There's no question that the upload and the original will diverge. If I have a non-destructive upload done on me, I expect to get up from the upload couch, not wake up in the matrix, old habits and all that. And there is going to be a future me who will experience exactly that. But if the upload was successful, there's also going to be a future me who will be very surprised to wake up staring at some fluorescent polygons, having expected to wake up on the upload coach. This is where the "no unambiguous future selves" stops being sophistry and starts paying rent for the pattern identity theorist. "Which one is the real me" is a meaningless question. All we have to go with are memories, and both of me will have my memories.
If you want to argue a pattern identity theorist out of it, you'll want to argue why there has to necessarily be more than just memory going on with producing the sense of moment-to-moment personal continuity, and why the physically unconnected moments of consciousness model can't be sufficient.
I very much like bringing these concepts of unambiguous past and ambiguous future to this problem.
As a pattern theorist, I agree that only memory (and the other parts of my brain's patterns which establish my values, personality, etc) matter when it comes to who I am.

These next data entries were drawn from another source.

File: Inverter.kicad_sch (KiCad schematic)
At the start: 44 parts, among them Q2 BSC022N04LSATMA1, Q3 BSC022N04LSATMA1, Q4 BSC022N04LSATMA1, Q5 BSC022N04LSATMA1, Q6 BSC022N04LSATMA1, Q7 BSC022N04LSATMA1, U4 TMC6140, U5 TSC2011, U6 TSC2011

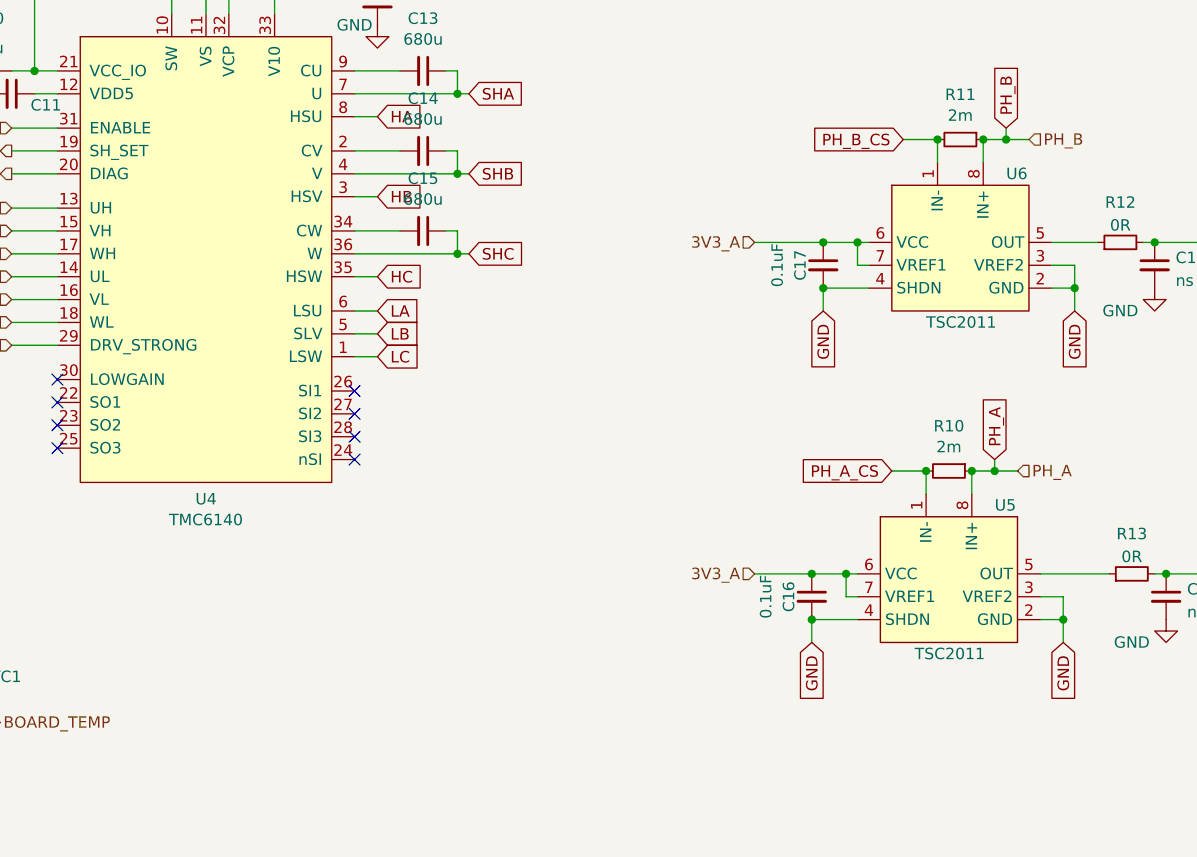
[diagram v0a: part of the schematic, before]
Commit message: added local symbol library
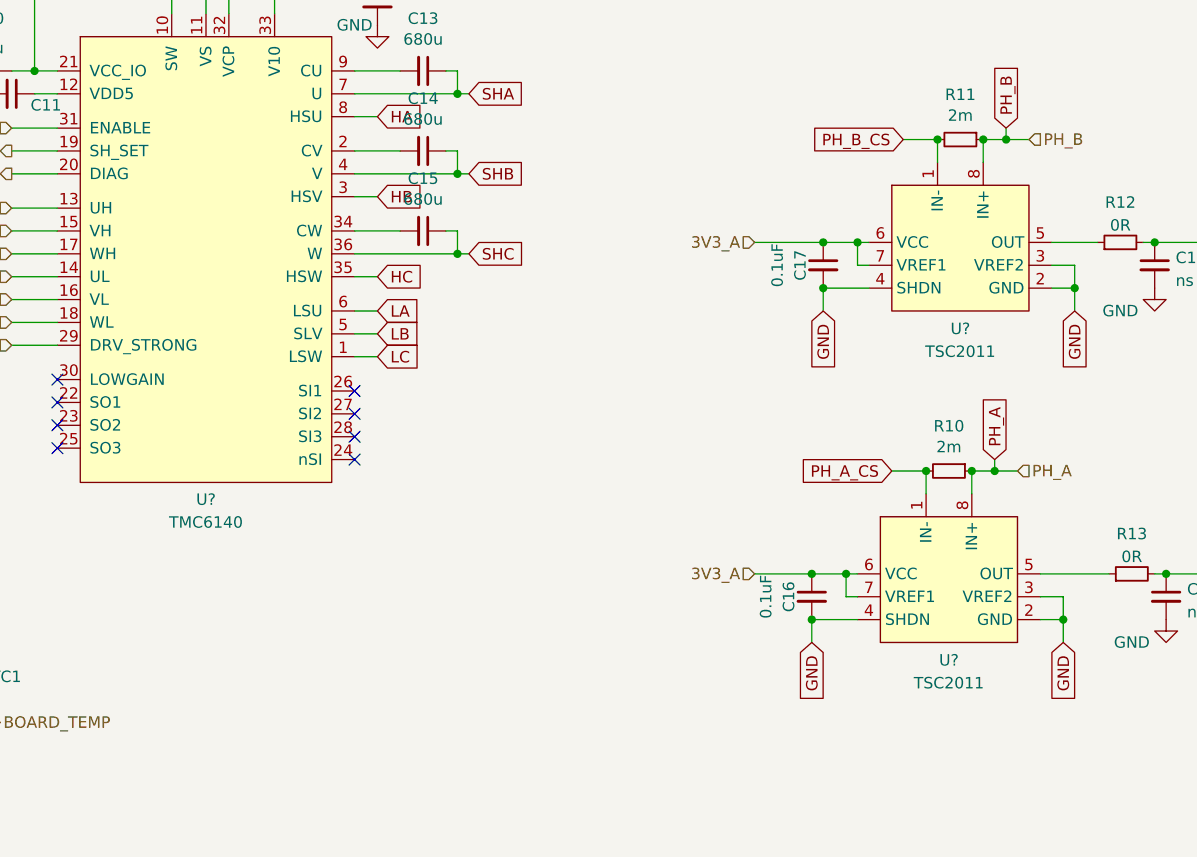
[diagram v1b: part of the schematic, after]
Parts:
- removed U4: TMC6140, symbol MyLibrary:TMC6140
- removed U5, U6: TSC2011, symbol Mylibrary:TSC2011
- added U? (x2): TSC2011, symbol MyLibrary_PMSM:TSC2011
- added U?: TMC6140, symbol MyLibrary_PMSM:TMC6140
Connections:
- net 3.3v: now also U?.21 (VCC_IO)
- net 3V3_A: now also U?.6 (VCC), U?.6 (VCC), U?.7 (VREF1), U?.7 (VREF1)
- net DIAG: now also U?.20 (DIAG)
- net DRV_STRONG: now also U?.29 (DRV_STRONG)
- net ENABLE: now also U?.31 (ENABLE)
- net GND: now also U?.2 (GND), U?.2 (GND), U?.3 (VREF2), U?.3 (VREF2), U?.4 (SHDN), U?.4 (SHDN)
- net HA: now also U?.8 (HSU)
- net HB: now also U?.3 (HSV)
- net HC: now also U?.35 (HSW)
- net LA: now also U?.6 (LSU)
- net LB: now also U?.5 (SLV)
- net LC: now also U?.1 (LSW)
- net PH_A: now also U?.8 (IN+)
- net PH_A_CS: now also U?.1 (IN-), U?.7 (U)
- net PH_B: now also U?.8 (IN+)
- net PH_B_CS: now also U?.1 (IN-), U?.4 (V)
- net PH_C: now also U?.36 (W)
- net PWM_HA: now also U?.13 (UH)
- net PWM_HB: now also U?.15 (VH)
- net PWM_HC: now also U?.17 (WH)
- net PWM_LA: now also U?.14 (UL)
- net PWM_LB: now also U?.16 (VL)
- net PWM_LC: now also U?.18 (WL)
- net SH_SET: now also U?.19 (SH_SET)
- net VDD: now also U?.11 (VS), U?.32 (VCP)
- net at C13.2: now also U?.9 (CU)
- net at C14.2: now also U?.2 (CV)
- net at C15.2: now also U?.34 (CW)
- net at 68u1.2: now also U?.10 (SW)
- net at C11.1: now also U?.12 (VDD5)
- net at C12.1: now also U?.33 (V10)
- net at R13.1: now also U?.5 (OUT)
- net at R12.1: now also U?.5 (OUT)

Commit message: Third commit
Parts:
- U4: renamed from U?; footprint (none) -> MyLibrary:TMC6140-LA
- gave numbers to parts that had none: 2
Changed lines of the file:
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@@
   (symbol (lib_id "MyLibrary_PMSM:TSC2011") (at 151.13 138.43 0) (unit 1)
     (in_bom yes) (on_board yes) (fields_autoplaced)
-    (property "Reference" "U?" (id 0) (at 151.13 150.5696 0))
+    (property "Reference" "U5" (id 0) (at 151.13 150.5696 0))
     (property "Value" "TSC2011" (id 1) (at 151.13 153.1065 0))
     (property "Footprint" "" (id 2) (at 151.13 138.43 0)
@@
   (symbol (lib_id "MyLibrary_PMSM:TMC6140") (at 68.58 105.41 0) (unit 1)
     (in_bom yes) (on_board yes) (fields_autoplaced)
-    (property "Reference" "U?" (id 0) (at 68.58 132.7134 0))
+    (property "Reference" "U4" (id 0) (at 68.58 132.7134 0))
     (property "Value" "TMC6140" (id 1) (at 68.58 135.2503 0))
-    (property "Footprint" "" (id 2) (at 83.82 93.98 0)
+    (property "Footprint" "MyLibrary:TMC6140-LA" (id 2) (at 83.82 93.98 0)
       (effects (font (size 1.27 1.27)) hide)
     )
@@
   (symbol (lib_id "MyLibrary_PMSM:TSC2011") (at 152.4 101.6 0) (unit 1)
     (in_bom yes) (on_board yes) (fields_autoplaced)
-    (property "Reference" "U?" (id 0) (at 152.4 113.7396 0))
+    (property "Reference" "U6" (id 0) (at 152.4 113.7396 0))
     (property "Value" "TSC2011" (id 1) (at 152.4 116.2765 0))
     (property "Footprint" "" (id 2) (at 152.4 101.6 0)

If I were to wake up tomorrow with Britney Spear's memories, values, and personality, 'I' will have ceased to exist in any important sense, even if that brain still had the same 'consciousness' that Usul describes at the bottom of his post.
Once one links personal identity to one's memories, values and personality, the same kind of thinking about uploading/copying can be applied to future Everett branches of one's current self, and the unambigous past/ambiguous future concepts are even more obviously important.
In a similar way to Usul not caring about his copy, one might 'not care' about a version of oneself in a different Everett branch, but it would still make sense to care about both future instances of yourself BEFORE the split happens, due to the fact that you are uncertain which future you will be 'you' (and of course, in the Everett branch case, you will experience being both, so I guess both will be 'you'). And to bring home the main point regarding uploading/copying, I would much prefer that an entity with my memories/values/personality continue to exist in at least one Everett branch, even if such entities will cease existing in other branches.
Even though I don't have a strong belief in quantum multiverse theory, thinking about Everett branches helped me resolve the is-the-copy-really-me? dilemma for myself, at least. Of course, the main difference (for me) is that with Everett branches, the different versions of me will never interact. With copies of me existing in the same world, I would consider my copy as a maximally close kin and my most trusted ally (as you explain elsewhere in this thread).